Emotionale Intelligenz
Wir Menschen haben viele Fähigkeiten entwickelt, deren Sinn uns ohne weiteres einleuchtet - z. B. unsere im Vergleich zu anderen Lebewesen enorme manuelle Geschicklichkeit. Sie ermöglichte uns die Produktion von Hilfsmitteln und erleichterte uns damit das tägliche (Über)Leben sehr. Oder nehmen
wir die Fähigkeit zu logischem und kreativem Denken: Sie ist der Motor für die Entwicklung von neuem und führte zu einem unglaublichen Erfindungsreichtum.
Aber welchen Sinn haben die zahlreichen Gefühle mit ihren vielen Nuancen und Varianten? Die Kurzantwort auf diese Frage lautet: Gefühle helfen uns - manchmal in Bruchteilen von Sekunden -, Situationen und Menschen einzuschätzen. Sie mobilisieren im Körper die nötige Energie für die Bewältigung schwieriger Situationen und geben Handlungsimpulse. Sie ermöglichen uns, in einer komplexen Umwelt besser durchzublicken, und ergänzen damit die Arbeit des Verstandes, der das Gleiche mit den Mitteln der Logik versucht. In Entscheidungssituationen sind Gefühle also eine wichtige Instanz - auch wenn Sie es nicht immer merken.
Beispiel: Jobwechsel
Wenn Sie das Angebot bekommen, auf eine bessere Position in einer anderen Niederlassung Ihres Unternehmens zu wechseln, dann werden Sie sich zunächst vorstellen, wie es wäre, wenn Sie es annähmen. Die Gedanken, die Ihnen bei dieser Vorstellung kommen, lösen in Ihnen Emotionen aus - z. B. löst die Vorstellung, Verantwortung für ein großes Team zu haben, Freude, Stolz oder auch Befürchtungen und Selbstzweifel aus. Die Vorstellung, in einer großen Stadt zu leben, triggert Neugier, Freude, Interesse oder auch Unwohlsein und Angst. Die Vorstellung, Ihr bisheriges Leben aufzugeben, bewirkt vielleicht Erleichterung (Endlich komme ich aus diesem Kaff heraus!"), aber vielleicht auch Trauer darüber, Ihre Freunde und Kollegen zurücklassen oder das Haus aufgeben zu müssen. Je nachdem, welche Gefühle Sie bei diesen Vorstellungen entwickeln und wie stark diese sind, werden sie Ihre Entscheidung wesentlich beeinflussen. Wenn Ihr Gefühl der Trauer und Angst überwiegt, wird Ihr Verstand gute Gründe finden, warum das Angebot nicht attraktiv (genug) ist. Sie können aber davon ausgehen, dass Ihr Gefühl erheblich zu dieser Entscheidung beigetragen hat und die rationalen Gründe oft nur vor oder nachgeschoben sind.
Emotionen beeinflussen durch Signale Ihre Entscheidungen. Sie unterstützen Sie dabei, verschiedene Zukunftsszenarien durchzuspielen und die Ihrer Erfahrung nach für Sie günstigste Version zu wählen. Nach allem, was wir heute wissen, sind Emotionen weder Luxuszugaben für romantische Gemüter, ein Privileg des weiblichen Geschlechts noch - mit ihren zerstörerischen Elementen - ein Irrtum der Natur.
Emotionen sind Teil eines hochkomplexen Apparates, der uns Sachverhalte und Situationen einschätzen hilft.
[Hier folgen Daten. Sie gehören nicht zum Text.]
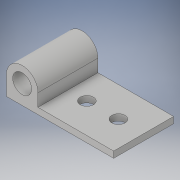
# Autodesk Inventor part: PKWS1_b
Saved by Autodesk Inventor 2019 (Build 230136000, 136)
## iProperties
Created: 2024-01-04
Part Number: PKWS1_b
Material: Generic
Catalog Web Link: www.cadenas.de
Description: PKWS_base-Snap Locks
Vendor: MISUMI
Document SubType Name: Modeling
Designer: psAdmin
Manufacturer: MISUMI
Mass: 0.275687 g
Surface Area: 5.55486 cm^2
Volume: 0.275687 cm^3
Density: 1 g/cm^3
Appearance: PSOLRGB-175-175-175
Category: PARTsolutions
Company: MISUMI
Title: PKWS1
Author: Cadenas PARTsolutions
Comments: Snap Locks
PSOL_IDENT_0: {$CADENAS_DATA/23d-libs/misumi/metric/44_handles_hinges/pkws_base.prj},155 {VTYP=3D},{NB=PKWS1_b},{L
PSOL_IDENT_1: INA=PKWS1},{NN=PKWS_base},{DATE=17.04.2023 00:27:41},{GEOMDATE=04.04.2023 01:08:01},{VERSION=},{LINE
PSOL_IDENT_2: ID=10},{WBVAR=},{WBNUMERIC=}  {NB=PKWS1_b},{LINA=PKWS1},{KT=DUMMY},{PN=PKWS1},{NO=1},{TL=49 (5)},{MA
PSOL_IDENT_3: SS=11},{PPATH=assemblies_pkws\\pkws_templ.prj},{ANGLE=10.015}
NB: PKWS1_b
NN: PKWS_base
NT: Snap Locks
NBSYN: $PN._b
LINA: PKWS1
CATALOG: Misumi
PN: PKWS1
NO: 1
TL: 49 (5)
MASS: 11
SUPPLIER: MISUMI
ARTICLENO: PKWS1_b
BOMINFO: PKWS1
CREATOR: CADENAS GmbH
Autodesk Inventor part; units mm, degrees
sketch "Sketch_1" plane through (0, 0, 0) normal (0, 0, 1) x (1, 0, 0)
  line L0 (0, 3) -> (0, 0)
  line L1 (0, 0) -> (17, 0)
  line L2 (17, 0) -> (17, 1)
  line L3 (17, 1) -> (5, 1)
  line L4 (5, 1) -> (5, 3)
  arc A0 (5, 3) -> (0, 3) centre (2.5, 3) ccw
  circle A1 centre (2.5, 3) radius 1.5
  constraints: 10 end point, 2 centre point, 2 point on circle
extrude "Extrusion1" add sketch "Sketch_1" along normal mid plane 9.5
sketch "Sketch_2" plane through (0, 0, 0) normal (0, 1, 0) x (-1, 0, 0)
  circle A0 centre (-8, 0) radius 1.05
  constraints: 1 centre point
extrude "Extrusion2" cut sketch "Sketch_2" along normal mid plane 9.5
sketch "Sketch_3" plane through (0, 0, 0) normal (0, 1, 0) x (-1, 0, 0)
  circle A0 centre (-13, 0) radius 1.05
  constraints: 1 centre point
extrude "Extrusion3" cut sketch "Sketch_3" along normal mid plane 9.5
ref_plane "A_XY" through (2.5, 3, 0) normal (0, 0, 1) x (1, 0, 0)
ref_plane "A_YZ" through (2.5, 3, 0) normal (1, 0, 0) x (0, 1, 0)
ref_plane "A_ZX" through (2.5, 3, 0) normal (0, 1, 0) x (0, 0, 1)
body "Solid1"

Sie bewegen uns dazu, etwas zu tun oder zu lassen, und ermöglichen es uns, flexibel auf immer wieder neue Anforderungen der Umwelt zu reagieren.
Emotionen als Überlebensvorteil
Schon der Evolutionsbiologe Charles Darwin hat sich im 19. Jahrhundert mit Emotionen beschäftigt und gefragt, welche Funktion sie haben. Seine These lautet, dass die Entwicklung von Emotionen zu einem Überlebensvorteil der Spezies Mensch geführt hat. Heute teilen die meisten Forscher Darwins Ansicht, dass Emotionen den Fortschritt der Menschheit enorm begünstigt haben. Emotionen helfen, gesammelte Erfahrungen in kurzer Zeit abzurufen sowie neue Situationen und Menschen einzuschätzen. Sowohl in der Bewältigung von Standardsituationen als auch bei der Entwicklung von Plänen und der Einschätzung von Risiken spielen sie eine herausragende Rolle.
Hilfe in existenziell bedrohlichen Situationen
Emotionen reagieren auf existenziell bedrohliche Situationen schneller als der Verstand.